Municipal amalgamations in South Africa have not consistently resulted in cost savings or improved service delivery (Krugell et al., 2010). As highlighted in the Auditor General’s report (AGSA, 2022), decades of service delivery failures, coupled with council and administrative instability, financial mismanagement, weak institutional capacity, and a disregard for the law, have placed this sphere of government under immense pressure to restore public trust. These challenges stem from various factors, including municipal capacity constraints characterised by poor accountability and governance, cadre employment and pervasive corruption (Kanyane, 2014; Levy et al., 2021; Reddy, 2016).
According to the AGSA (2022) report, the overall state of municipal finances remains troubling, with only 34 (13%) municipalities achieving satisfactory audit results. While 45 municipalities have shown improvement in their audit outcomes since 2020–21, 36 have experienced a decline. Municipalities are grappling with significant challenges in legislative compliance, with 86% receiving material compliance findings, as well as issues related to poor financial management and infrastructure neglect (AGSA, 2022). Moreover, prolonged creditor payment periods, particularly to Eskom and Water Boards, have exacerbated these challenges (National Treasury, 2022). Consequently, these issues have led to revenue losses and elevated unauthorised expenditures, stemming from weak financial planning and inefficient procurement practices (AGSA, 2022).

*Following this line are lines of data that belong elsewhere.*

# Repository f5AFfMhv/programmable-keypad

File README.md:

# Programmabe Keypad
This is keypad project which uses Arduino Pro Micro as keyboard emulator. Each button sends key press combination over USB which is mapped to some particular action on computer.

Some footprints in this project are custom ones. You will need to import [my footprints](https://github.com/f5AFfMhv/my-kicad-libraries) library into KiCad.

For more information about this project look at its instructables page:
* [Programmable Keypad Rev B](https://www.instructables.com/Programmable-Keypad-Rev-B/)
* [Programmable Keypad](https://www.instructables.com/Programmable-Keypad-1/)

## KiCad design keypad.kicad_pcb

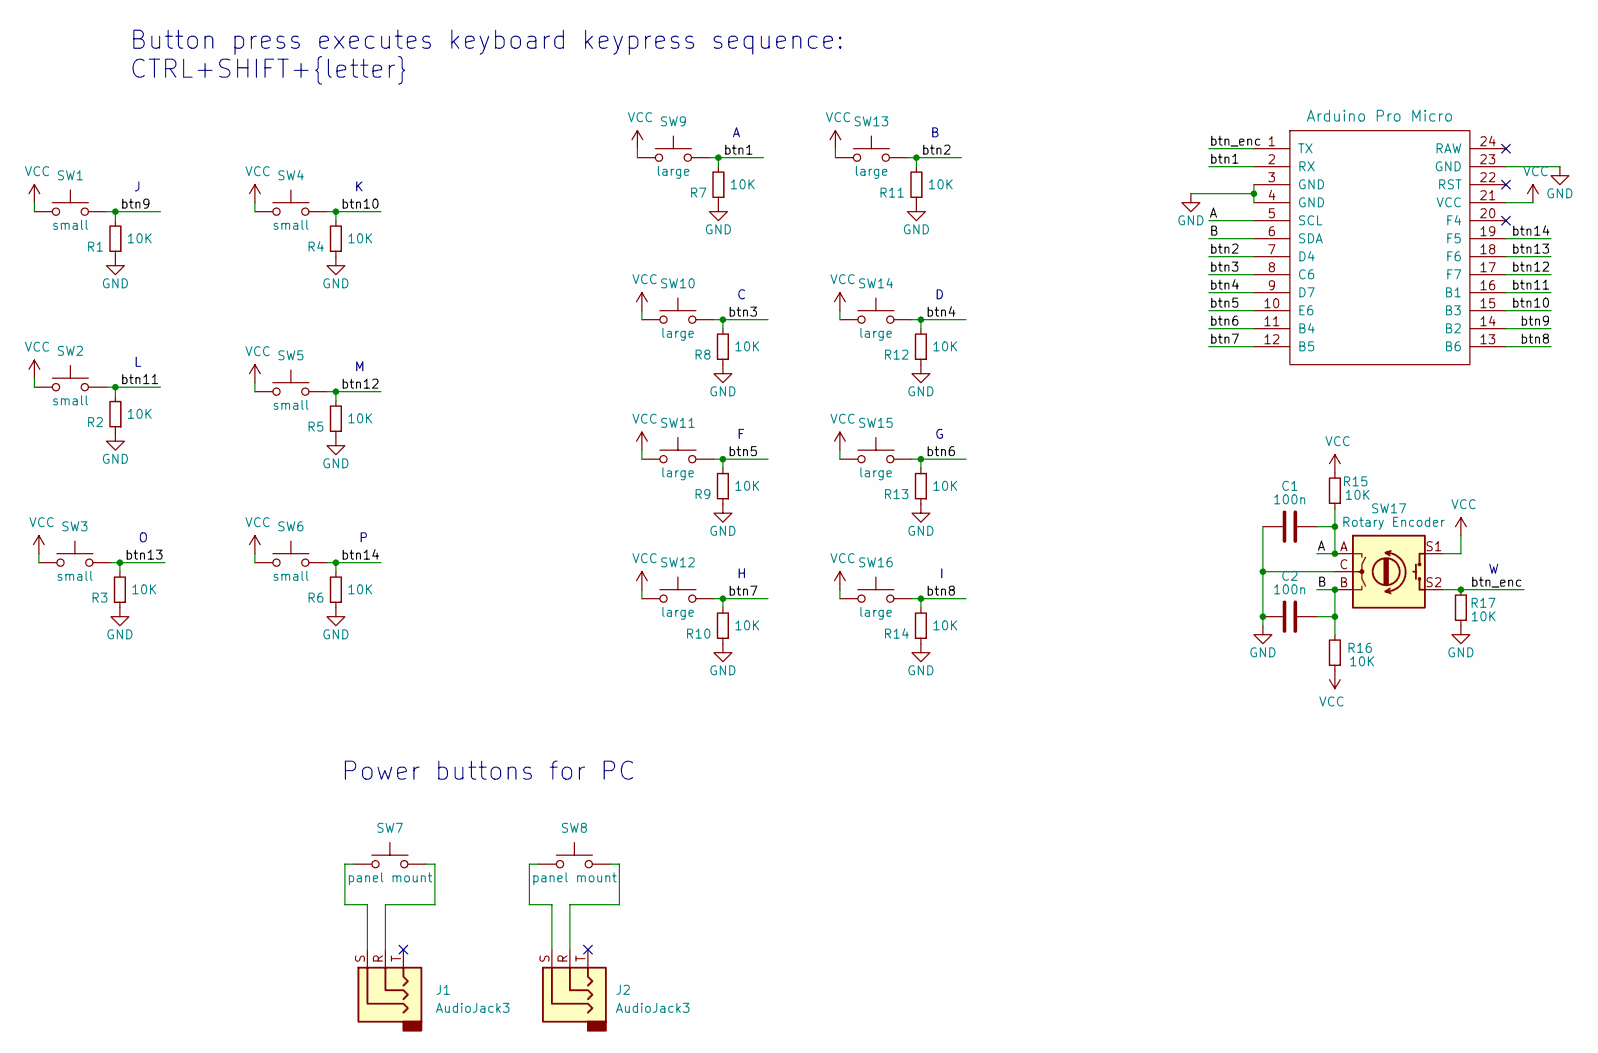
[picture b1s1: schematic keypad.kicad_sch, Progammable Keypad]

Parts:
C1, C2: 100n; C_0805_2012Metric
J1, J2: AudioJack3; Jack_3.5mm_custom-SMT_Horizontal
R1, R2, R3, R4, R5, R6, R7, R8, R9, R10, R11, R12, R13, R14, R15, R16, R17: 10K; R_0805_2012Metric
SW1, SW2, SW3, SW4, SW5, SW6: SW_Push; SW_SPST_PTS645
SW7, SW8: SW_Push; SW_SPST_button_panel-mount-12mm
SW9, SW10, SW11, SW12, SW13, SW14, SW15, SW16: SW_Push; SW_SPST_button_12x12_smd
SW17: Rotary Encoder; RotaryEncoder_custom
U1: Arduino Pro Micro; ProMicro-SMD

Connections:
/A: C1.1, R15.1, SW17.A, U1.5 (SCL)
/B: C2.1, R16.2, SW17.B, U1.6 (SDA)
/btn1: R7.2, SW9.2, U1.2 (RX)
/btn2: R11.2, SW13.2, U1.7 (D4)
/btn3: R8.2, SW10.2, U1.8 (C6)
/btn4: R12.2, SW14.2, U1.9 (D7)
/btn5: R9.2, SW11.2, U1.10 (E6)
/btn6: R13.2, SW15.2, U1.11 (B4)
/btn7: R10.2, SW12.2, U1.12 (B5)
/btn8: R14.2, SW16.2, U1.13 (B6)
/btn9: R1.2, SW1.2, U1.14 (B2)
/btn10: R4.2, SW4.2, U1.15 (B3)
/btn11: R2.2, SW2.2, U1.16 (B1)
/btn12: R5.2, SW5.2, U1.17 (F7)
/btn13: R3.2, SW3.2, U1.18 (F6)
/btn14: R6.2, SW6.2, U1.19 (F5)
/btn_enc: R17.2, SW17.S2, U1.1 (TX)
GND: C1.2, C2.2, R1.1, R2.1, R3.1, R4.1, R5.1, R6.1, R7.1, R8.1, R9.1, R10.1, R11.1, R12.1, R13.1, R14.1, R17.1, SW17.C, U1.3 (GND), U1.4 (GND), U1.23 (GND)
unnamed: J1.R, SW7.2
unnamed: J1.S, SW7.1
unnamed: J2.R, SW8.2
unnamed: J2.S, SW8.1
VCC: R15.2, R16.1, SW1.1, SW2.1, SW3.1, SW4.1, SW5.1, SW6.1, SW9.1, SW10.1, SW11.1, SW12.1, SW13.1, SW14.1, SW15.1, SW16.1, SW17.S1, U1.21 (VCC)

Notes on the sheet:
Button press executes keyboard keypress sequence: CTRL+SHIFT+{letter}
Power buttons for PC

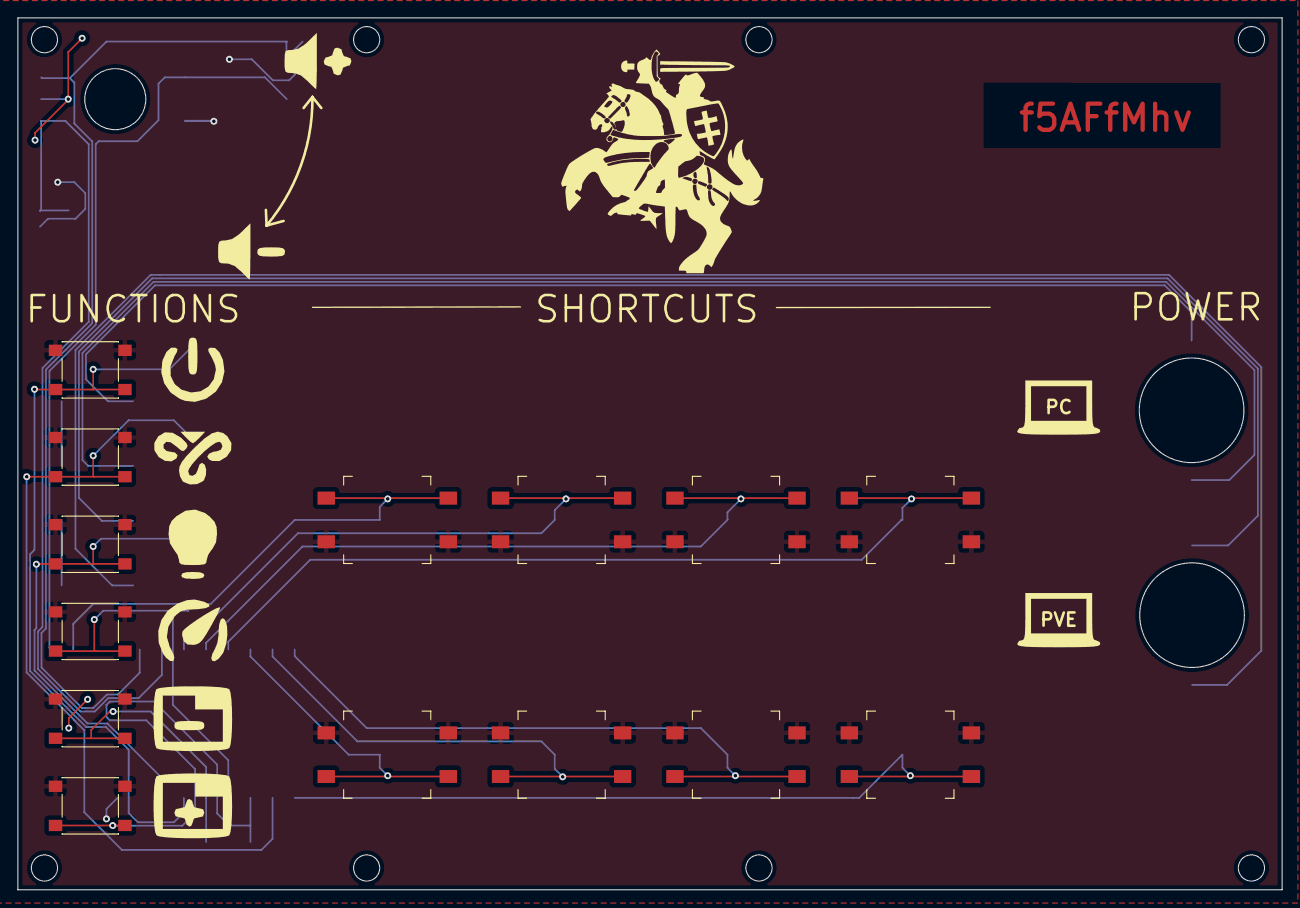
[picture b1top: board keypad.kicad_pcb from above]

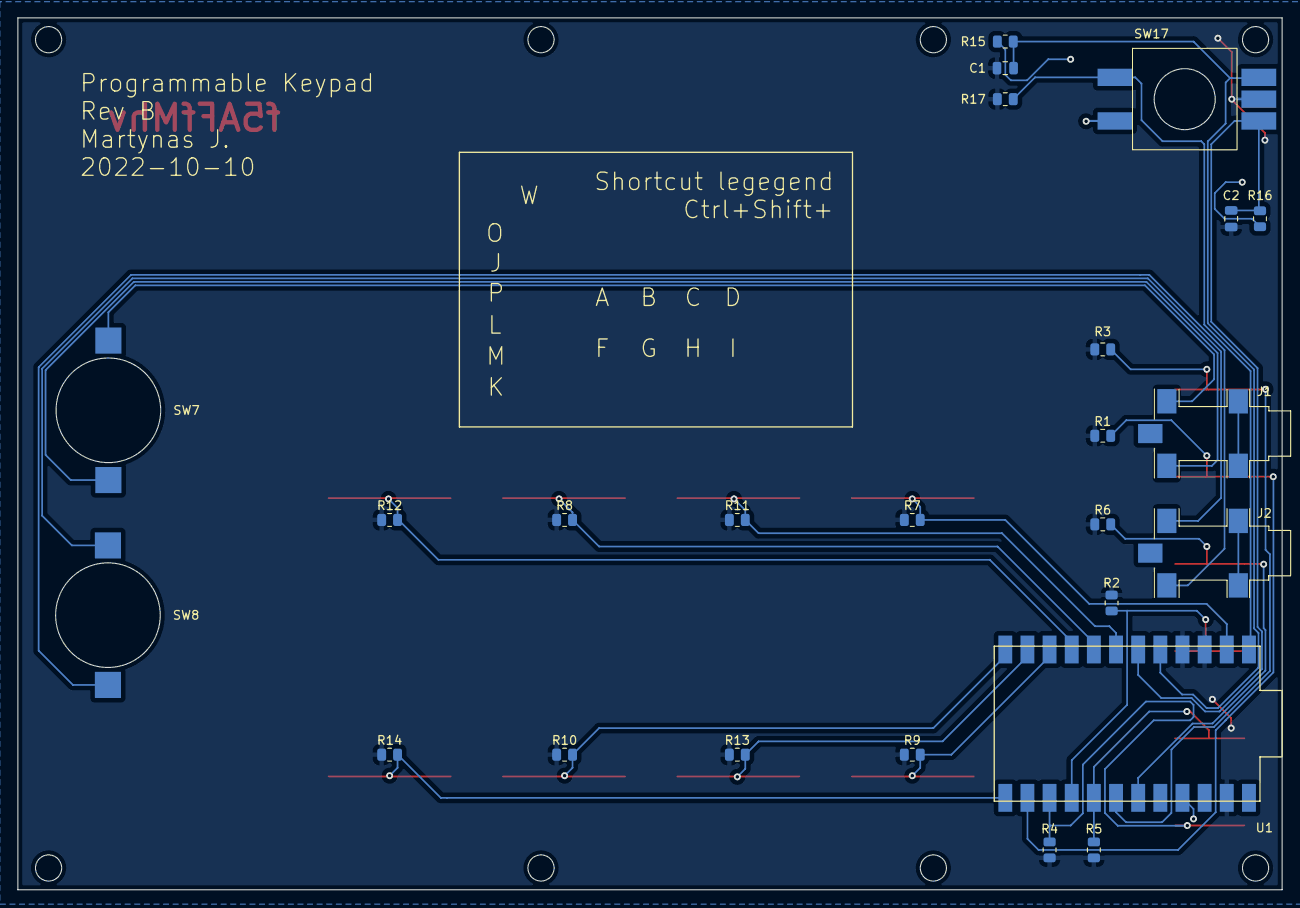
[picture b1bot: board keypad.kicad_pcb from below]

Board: 2 copper layers, 145.0 x 100.0 mm, 41 parts (22 on the bottom side), 23 nets.

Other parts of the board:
PC: LOGO; pc-symbol
PVE: LOGO; pc-symbol

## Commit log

2022-11-27 add link too footprints
2022-11-28 add link to Rev B instructables
2022-11-28 change second encoder function

A stable, well-resourced and competent municipal administration is essential for progress. However, in South Africa, cadre employment, where individuals are appointed to key positions based on political connections rather than qualifications, is a major factor in spawning municipal financial problems (Parliamentary Monitoring Group, 2019). Another significant factor, especially in rural district municipalities, is the high vacancy rate in senior management and technical positions. This hinders the implementation of basic financial and performance management, planning, budgeting and project monitoring (AGSA, 2022). To bridge these gaps, many municipalities rely on consultants or appoint acting managers. The state of local government finance and financial management report highlights an increase in acting municipal managers from 50 in 2020 to 70 in 2021 (National Treasury, 2022). However, the use of acting managers and consultants may lead to inefficiencies, as they often focus on short-term fixes rather than sustainable solutions. This results in decision-making challenges and lower-quality service delivery. Frequent leadership changes decrease employee morale and productivity, while the lack of long-term strategic planning hinders the municipality’s ability to address future challenges. These issues are likely to vary by municipality, affecting economies of scale and efficiency in service delivery differently.
Method of Analysis
Empirical Models
To investigate whether economies of scale exist in South African local government and to determine if there are differences by municipality type, we used a multiple regression model with pooled data from the fiscal years 2016/17 to 2018/19. Our sample includes 52 municipalities: 8 metropolitan and 44 district municipalities, totalling 156 observations over 3 years. A dummy variable is included to represent municipality type, where a value of 1 indicates a metropolitan council and 0 indicates a district council. The 3-year study period was chosen since it was the most recent with consistent data across municipalities and through time, including audited financial information. This period also follows significant changes after the 2016 South African elections, where several municipalities merged, demerged and underwent name changes. To ensure consistency in the municipalities and variables analysed, we focussed exclusively on this period. We excluded Local Municipalities (Category B) because some key variables—such as service delivery information—were missing or inconsistent at the time of data collection. As a result, we opted to compare District Municipalities directly to Metropolitan Municipalities. While not all districts provide services directing to residents, we used the net population of the residents (i.e., combined population of all the local municipalities in each district) to ensure the population served, either directly by the district or through its coordination of local municipalities, is captured. We also included dummy variables indicating whether a district provides services directly in our models, which should help minimise potential bias in our analysis. However, considering local municipalities in future analyses might be worthwhile, as their inclusion could provide a more granular analysis of service delivery patterns and their impact on efficiency.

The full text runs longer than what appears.